Beyond the reception area were two doorways. One led up two steps to a carpeted corridor. The other doorway was wider, uncarpeted, and scuffed from the passage of generations of children’s feet. The doors themselves had been propped open by bags. Beyond lay a long, dark hallway lined with suitcases and holdalls, backpacks and handbags, even some paper sacks. A few had been opened, and it was no great leap to assume the rest contained a similar mixture of clothing and keepsakes.
“Definitely a refuge,” I said.
Kim nodded, but said nothing as she walked down the hallway, playing her torch on one door then the next. She stopped, her light shining through the door’s window. Inside the room, the desks had been stacked against the far wall. In the middle were five stretchers that I think had come straight from an ambulance. Each stretcher was occupied, though the corpses were covered with sheets. Each sheet had a dark stain approximately where the head would be.
I reached for the handle.
“No. Don’t,” Kim said. “Let them be.”
“What if they’re undead?”
She tapped the rifle’s barrel against the window. There was no movement inside.

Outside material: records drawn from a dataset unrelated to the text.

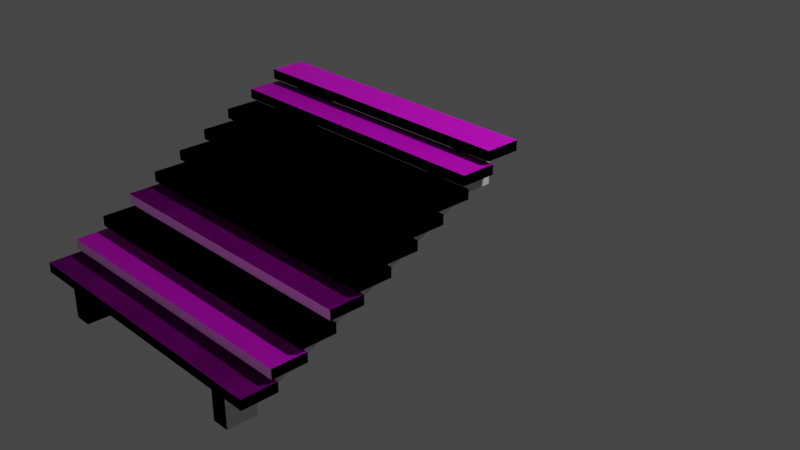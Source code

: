 # Source: treppe.blend  (saved by Blender 3.6.13; exported with 4.5.12 LTS)
import bpy
from mathutils import Matrix  # noqa: F401  (used for matrix-valued properties, if any)

bpy.ops.wm.read_factory_settings(use_empty=True)
scene = bpy.context.scene
scene.name = 'Scene'

# ---- collections
col_collection = bpy.data.collections.new('Collection'); scene.collection.children.link(col_collection)
col_collection_001 = bpy.data.collections.new('Collection.001'); scene.collection.children.link(col_collection_001)

# ---- materials (node trees are filled in below, after node groups)
mat_material_001 = bpy.data.materials.new('Material.001')
mat_material_001.use_transparent_shadow = False
mat_material = bpy.data.materials.new('Material')
mat_material.alpha_threshold = 0.0
mat_material.use_transparent_shadow = False
mat_material.roughness = 0.5
mat_material.line_color = (0.0, 0.0, 0.0, 1.0)

# ---- material node trees
mat_material_001.use_nodes = True; mat_material_001.node_tree.nodes.clear()
_N = mat_material_001.node_tree.nodes; _L = mat_material_001.node_tree.links
n0 = _N.new('ShaderNodeBsdfPrincipled'); n0.name = 'Principled BSDF'; n0.location = (10, 300)
n0.distribution = 'GGX'
n0.subsurface_method = 'RANDOM_WALK_SKIN'
n0.inputs[3].default_value = 1.45
n0.inputs[27].default_value = (0.0, 0.0, 0.0, 1.0)
n0.inputs[28].default_value = 1.0
n1 = _N.new('ShaderNodeOutputMaterial'); n1.name = 'Material-Ausgabe'; n1.location = (300, 300)
n2 = _N.new('ShaderNodeTexImage'); n2.name = 'Bildtexturen'; n2.location = (-280, 280)
_L.new(n0.outputs[0], n1.inputs[0])
_L.new(n2.outputs[0], n0.inputs[0])
n1.is_active_output = True
mat_material.use_nodes = True; mat_material.node_tree.nodes.clear()
_N = mat_material.node_tree.nodes; _L = mat_material.node_tree.links
n0 = _N.new('ShaderNodeOutputMaterial'); n0.name = 'Material Output'; n0.location = (300, 300)
n1 = _N.new('ShaderNodeBsdfPrincipled'); n1.name = 'Principled BSDF'; n1.location = (10, 300)
n1.distribution = 'GGX'
n1.subsurface_method = 'RANDOM_WALK_SKIN'
n1.inputs[3].default_value = 1.45
n1.inputs[27].default_value = (0.0, 0.0, 0.0, 1.0)
n1.inputs[28].default_value = 1.0
_L.new(n1.outputs[0], n0.inputs[0])
n0.is_active_output = True

# ---- world
world_world = bpy.data.worlds.new('World'); scene.world = world_world
world_world.use_nodes = True; world_world.node_tree.nodes.clear()
_N = world_world.node_tree.nodes; _L = world_world.node_tree.links
n0 = _N.new('ShaderNodeOutputWorld'); n0.name = 'World Output'; n0.location = (300, 300)
n1 = _N.new('ShaderNodeBackground'); n1.name = 'Background'; n1.location = (10, 300)
n1.inputs[0].default_value = (0.05088, 0.05088, 0.05088, 1.0)
_L.new(n1.outputs[0], n0.inputs[0])
n0.is_active_output = True
world_world.color = (0.05088, 0.05088, 0.05088)
world_world.use_sun_shadow = False
world_world.sun_shadow_jitter_overblur = 0.0

# ---- cameras
cam_camera = bpy.data.cameras.new('Camera')
cam_camera.clip_end = 100.0
cam_camera.ortho_scale = 7.314

# ---- lights
light_light = bpy.data.lights.new('Light', 'POINT')
light_light.transmission_factor = 0.0
light_light.energy = 1000.0
light_light.shadow_soft_size = 0.1
light_light.shadow_maximum_resolution = 0.006
light_light.use_absolute_resolution = True

# ---- meshes
me_w_rfel_008 = bpy.data.meshes.new('Würfel.008')
me_w_rfel_008.from_pydata([(-0.09, 0.0, -0.14), (-0.09, 0.0, 0.0), (0.09, 0.0, -0.14), (0.09, 0.0, 0.0), (-0.09, -0.3, -0.14), (-0.09, -0.3, 0.0), (0.09, -0.3, -0.14), (0.09, -0.3, 0.0), (0.09, 0.0, -0.42), (-0.09, 0.0, -0.42), (0.09, -0.3, -0.42), (-0.09, -0.3, -0.42), (0.09, -0.6, -0.14), (-0.09, -0.6, -0.14), (0.09, -0.6, -0.28), (-0.09, -0.6, -0.28), (0.09, -0.6, -0.56), (-0.09, -0.6, -0.56), (0.09, -0.9, -0.28), (-0.09, -0.9, -0.28), (0.09, -0.9, -0.42), (-0.09, -0.9, -0.42), (0.09, -0.9, -0.7), (-0.09, -0.9, -0.7), (0.09, -1.2, -0.42), (-0.09, -1.2, -0.42), (0.09, -1.2, -0.56), (-0.09, -1.2, -0.56), (0.09, -1.2, -0.84), (-0.09, -1.2, -0.84), (0.09, -1.5, -0.56), (-0.09, -1.5, -0.56), (0.09, -1.5, -0.7), (-0.09, -1.5, -0.7), (0.09, -1.5, -0.98), (-0.09, -1.5, -0.98), (0.09, -1.8, -0.7), (-0.09, -1.8, -0.7), (0.09, -1.8, -0.84), (-0.09, -1.8, -0.84), (0.09, -1.8, -1.12), (-0.09, -1.8, -1.12), (0.09, -2.1, -0.84), (-0.09, -2.1, -0.84), (0.09, -2.1, -0.98), (-0.09, -2.1, -0.98), (0.09, -2.1, -1.26), (-0.09, -2.1, -1.26), (0.09, -2.4, -0.98), (-0.09, -2.4, -0.98), (0.09, -2.4, -1.12), (-0.09, -2.4, -1.12), (0.09, -2.4, -1.4), (-0.09, -2.4, -1.4), (0.09, -2.7, -1.12), (-0.09, -2.7, -1.12), (0.09, -2.7, -1.26), (-0.09, -2.7, -1.26), (0.09, -2.7, -1.54), (-0.09, -2.7, -1.54), (0.09, -3.0, -1.26), (-0.09, -3.0, -1.26), (0.09, -3.0, -1.4), (-0.09, -3.0, -1.4), (0.09, -3.0, -1.54), (-0.09, -3.0, -1.54), (0.09, -2.7, -1.64), (-0.09, -2.7, -1.64), (0.09, -3.0, -1.64), (-0.09, -3.0, -1.64)], [], [(4, 5, 1, 0), (0, 1, 3, 2), (3, 1, 5, 7), (2, 6, 10, 8), (2, 3, 7, 6), (4, 0, 9, 11), (4, 11, 15, 13), (0, 2, 8, 9), (12, 13, 15, 14), (16, 14, 18, 20), (6, 4, 13, 12), (10, 6, 12, 14), (11, 10, 16, 17), (10, 14, 16), (15, 11, 17), (18, 19, 21, 20), (16, 20, 22), (14, 15, 19, 18), (15, 17, 21, 19), (17, 16, 22, 23), (21, 23, 27, 25), (21, 17, 23), (24, 25, 27, 26), (20, 21, 25, 24), (22, 20, 24, 26), (22, 26, 28), (23, 22, 28, 29), (33, 29, 35), (27, 23, 29), (30, 31, 33, 32), (27, 29, 33, 31), (26, 27, 31, 30), (28, 26, 30, 32), (29, 28, 34, 35), (33, 35, 39, 37), (28, 32, 34), (36, 37, 39, 38), (34, 32, 36, 38), (32, 33, 37, 36), (35, 34, 40, 41), (34, 38, 40), (39, 35, 41), (42, 43, 45, 44), (38, 39, 43, 42), (39, 41, 45, 43), (40, 38, 42, 44), (41, 40, 46, 47), (40, 44, 46), (45, 41, 47), (45, 47, 51, 49), (48, 49, 51, 50), (52, 50, 54, 56), (46, 44, 48, 50), (44, 45, 49, 48), (47, 46, 52, 53), (46, 50, 52), (51, 47, 53), (54, 55, 57, 56), (50, 51, 55, 54), (51, 53, 57, 55), (53, 52, 58, 59), (52, 56, 58), (57, 59, 63, 61), (57, 53, 59), (60, 61, 63, 62), (58, 62, 64), (58, 56, 60, 62), (56, 57, 61, 60), (59, 58, 66, 67), (63, 59, 65), (62, 63, 65, 64), (67, 66, 68, 69), (58, 64, 68, 66), (64, 65, 69, 68), (65, 59, 67, 69), (9, 8, 10, 11)])
_uv = me_w_rfel_008.uv_layers.new(name='UV-Map')
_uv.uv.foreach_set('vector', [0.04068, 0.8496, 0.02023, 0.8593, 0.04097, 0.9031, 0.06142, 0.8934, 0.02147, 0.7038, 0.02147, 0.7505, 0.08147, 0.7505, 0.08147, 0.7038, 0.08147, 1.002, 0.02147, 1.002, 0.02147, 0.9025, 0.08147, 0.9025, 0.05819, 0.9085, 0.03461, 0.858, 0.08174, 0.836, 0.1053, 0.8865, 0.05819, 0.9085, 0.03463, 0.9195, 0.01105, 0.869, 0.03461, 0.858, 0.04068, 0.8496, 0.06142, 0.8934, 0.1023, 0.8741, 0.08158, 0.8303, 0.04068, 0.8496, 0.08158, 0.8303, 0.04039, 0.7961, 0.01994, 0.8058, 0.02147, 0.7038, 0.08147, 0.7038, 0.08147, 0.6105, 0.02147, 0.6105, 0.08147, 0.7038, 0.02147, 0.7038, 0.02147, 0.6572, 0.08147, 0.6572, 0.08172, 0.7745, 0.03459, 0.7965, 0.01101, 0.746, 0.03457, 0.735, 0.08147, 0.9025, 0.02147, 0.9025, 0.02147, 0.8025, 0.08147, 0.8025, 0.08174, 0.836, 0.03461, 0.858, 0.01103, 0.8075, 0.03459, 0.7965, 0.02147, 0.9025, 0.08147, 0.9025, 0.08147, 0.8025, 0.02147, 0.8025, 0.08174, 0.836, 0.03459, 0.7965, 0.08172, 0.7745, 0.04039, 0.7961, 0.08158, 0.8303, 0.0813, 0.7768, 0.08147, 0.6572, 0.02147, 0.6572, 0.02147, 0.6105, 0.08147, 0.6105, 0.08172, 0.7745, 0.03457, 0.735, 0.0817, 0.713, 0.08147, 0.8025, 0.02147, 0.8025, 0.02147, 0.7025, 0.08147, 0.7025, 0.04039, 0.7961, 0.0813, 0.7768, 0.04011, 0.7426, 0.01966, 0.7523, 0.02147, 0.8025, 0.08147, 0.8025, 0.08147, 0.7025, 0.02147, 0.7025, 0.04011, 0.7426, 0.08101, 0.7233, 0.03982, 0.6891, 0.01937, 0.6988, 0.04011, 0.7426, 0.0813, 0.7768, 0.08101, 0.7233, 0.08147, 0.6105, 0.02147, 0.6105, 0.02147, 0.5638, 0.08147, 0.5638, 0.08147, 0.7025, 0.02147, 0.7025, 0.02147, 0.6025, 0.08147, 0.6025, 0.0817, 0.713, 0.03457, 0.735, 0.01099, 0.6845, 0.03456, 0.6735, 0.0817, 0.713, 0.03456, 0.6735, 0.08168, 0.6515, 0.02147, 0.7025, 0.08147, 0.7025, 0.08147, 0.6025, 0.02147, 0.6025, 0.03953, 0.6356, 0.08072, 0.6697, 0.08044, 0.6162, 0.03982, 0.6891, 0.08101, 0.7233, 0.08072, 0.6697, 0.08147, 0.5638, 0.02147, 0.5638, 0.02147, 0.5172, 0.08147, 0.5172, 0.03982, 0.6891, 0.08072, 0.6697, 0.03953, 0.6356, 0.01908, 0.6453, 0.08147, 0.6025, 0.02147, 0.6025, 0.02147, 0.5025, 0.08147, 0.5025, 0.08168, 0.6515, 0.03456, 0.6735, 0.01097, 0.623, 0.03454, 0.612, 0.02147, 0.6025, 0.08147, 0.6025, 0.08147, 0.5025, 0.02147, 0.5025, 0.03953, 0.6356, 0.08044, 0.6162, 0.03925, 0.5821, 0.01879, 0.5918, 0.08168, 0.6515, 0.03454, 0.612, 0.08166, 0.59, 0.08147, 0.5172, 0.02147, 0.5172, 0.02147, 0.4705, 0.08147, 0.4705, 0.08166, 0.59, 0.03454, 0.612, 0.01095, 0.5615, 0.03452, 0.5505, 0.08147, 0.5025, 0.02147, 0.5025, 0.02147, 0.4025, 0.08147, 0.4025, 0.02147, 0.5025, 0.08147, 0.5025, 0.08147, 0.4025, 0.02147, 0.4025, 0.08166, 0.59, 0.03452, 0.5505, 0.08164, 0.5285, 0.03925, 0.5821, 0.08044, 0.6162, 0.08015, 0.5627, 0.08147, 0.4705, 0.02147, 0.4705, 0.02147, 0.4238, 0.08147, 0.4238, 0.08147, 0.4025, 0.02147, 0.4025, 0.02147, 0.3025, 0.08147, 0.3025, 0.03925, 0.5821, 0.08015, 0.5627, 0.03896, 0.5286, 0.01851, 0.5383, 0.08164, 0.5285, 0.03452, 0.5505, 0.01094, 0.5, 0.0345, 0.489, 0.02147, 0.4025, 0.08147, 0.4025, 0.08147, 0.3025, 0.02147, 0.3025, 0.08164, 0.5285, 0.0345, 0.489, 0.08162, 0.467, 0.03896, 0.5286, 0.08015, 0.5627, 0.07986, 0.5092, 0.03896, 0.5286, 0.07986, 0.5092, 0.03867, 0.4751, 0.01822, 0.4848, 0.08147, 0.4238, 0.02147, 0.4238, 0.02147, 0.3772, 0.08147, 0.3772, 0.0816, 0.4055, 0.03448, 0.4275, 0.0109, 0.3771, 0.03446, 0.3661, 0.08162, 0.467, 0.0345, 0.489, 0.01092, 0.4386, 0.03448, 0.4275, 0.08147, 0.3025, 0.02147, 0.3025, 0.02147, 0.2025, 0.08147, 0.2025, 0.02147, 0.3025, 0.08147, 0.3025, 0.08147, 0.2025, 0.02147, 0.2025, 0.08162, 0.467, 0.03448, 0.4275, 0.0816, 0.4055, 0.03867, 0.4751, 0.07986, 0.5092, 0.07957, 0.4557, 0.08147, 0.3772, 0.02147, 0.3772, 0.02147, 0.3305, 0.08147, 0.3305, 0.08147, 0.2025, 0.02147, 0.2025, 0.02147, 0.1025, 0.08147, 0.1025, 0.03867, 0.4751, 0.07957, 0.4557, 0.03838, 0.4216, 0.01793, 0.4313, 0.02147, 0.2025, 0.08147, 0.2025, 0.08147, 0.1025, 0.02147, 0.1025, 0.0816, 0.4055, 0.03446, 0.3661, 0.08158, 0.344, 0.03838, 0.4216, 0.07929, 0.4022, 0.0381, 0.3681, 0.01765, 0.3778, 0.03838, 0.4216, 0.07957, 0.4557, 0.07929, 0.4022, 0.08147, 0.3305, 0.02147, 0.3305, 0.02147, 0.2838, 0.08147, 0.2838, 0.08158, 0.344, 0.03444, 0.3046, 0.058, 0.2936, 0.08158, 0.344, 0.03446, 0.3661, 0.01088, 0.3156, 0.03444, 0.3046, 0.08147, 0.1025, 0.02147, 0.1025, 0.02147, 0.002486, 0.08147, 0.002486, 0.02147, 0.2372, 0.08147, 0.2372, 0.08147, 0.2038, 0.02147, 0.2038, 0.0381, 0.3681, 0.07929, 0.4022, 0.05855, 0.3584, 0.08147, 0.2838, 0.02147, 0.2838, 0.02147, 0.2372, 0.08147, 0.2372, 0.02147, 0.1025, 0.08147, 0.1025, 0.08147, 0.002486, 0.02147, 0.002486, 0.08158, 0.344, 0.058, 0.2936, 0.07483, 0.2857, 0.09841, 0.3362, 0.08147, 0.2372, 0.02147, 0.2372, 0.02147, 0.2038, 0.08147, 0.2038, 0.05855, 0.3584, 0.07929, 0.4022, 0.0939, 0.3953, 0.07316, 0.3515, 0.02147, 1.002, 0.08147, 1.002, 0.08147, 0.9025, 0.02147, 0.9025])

“Dead,” she said. “Infected and killed. Or killed because they might have been infected.”
It set the tone for what we found in the rest of the school. The floor of the next classroom had been covered in sleeping bags. They’d been kicked and trampled aside in what had to have been a stampede to escape. Presumably that was around the time that the five patients had been shot. Evidence for that was found in the third classroom.
Like in the previous room, the pupils’ desks had been stacked by the window. The teacher’s desk was in the middle of the room, covered in a dark stain. The body of a uniformed police officer lay next to it. His throat had been ripped out. Next to his corpse were two zombies; both had been shot in the head. One was almost naked. The other wore a set of blue surgical scrubs. Medical instruments were scattered on the ground between them.
“They tried to save someone,” Kim said.
“And they failed.”
“But that’s when the panic started.”
“So this had to have been when they didn’t know what was really happening,” I said.
“Which could have been at any time,” Kim said. “When did we find out what was really going on?”
She had a point. “The officer’s still wearing his uniform,” I said. “So it had to have happened soon after the outbreak, before too many undead had been seen in this town. Back when he still thought there were laws to be upheld.”
“And whether that was a week or month after New York, we aren’t going to find out in this corridor,” Kim said, “but if they were using the school as a refuge, they would have had food and water. And if the infected were brought inside, and that made everyone flee, those supplies will still be here.”
“So will the undead,” I said.
Without another word, we moved apart. Our lights darted up and down the corridor. We could see nothing. We could hear nothing, but the doors were thick, designed to stop one unruly class from disrupting the others.
Abruptly, Kim stalked down the corridor. I don’t know if she’d heard something, but I hadn’t. I followed, sending the beam into each room we passed. They were empty, at least of the living and the undead.
Kim stopped at the point where the corridor branched. She shone her light on the ground, on something just out of sight. When I first caught sight of it, I thought it was a corpse. It wasn’t. It was two. A soldier lay with his body wrapped around the young girl he’d been shielding. She was only a little older than Daisy.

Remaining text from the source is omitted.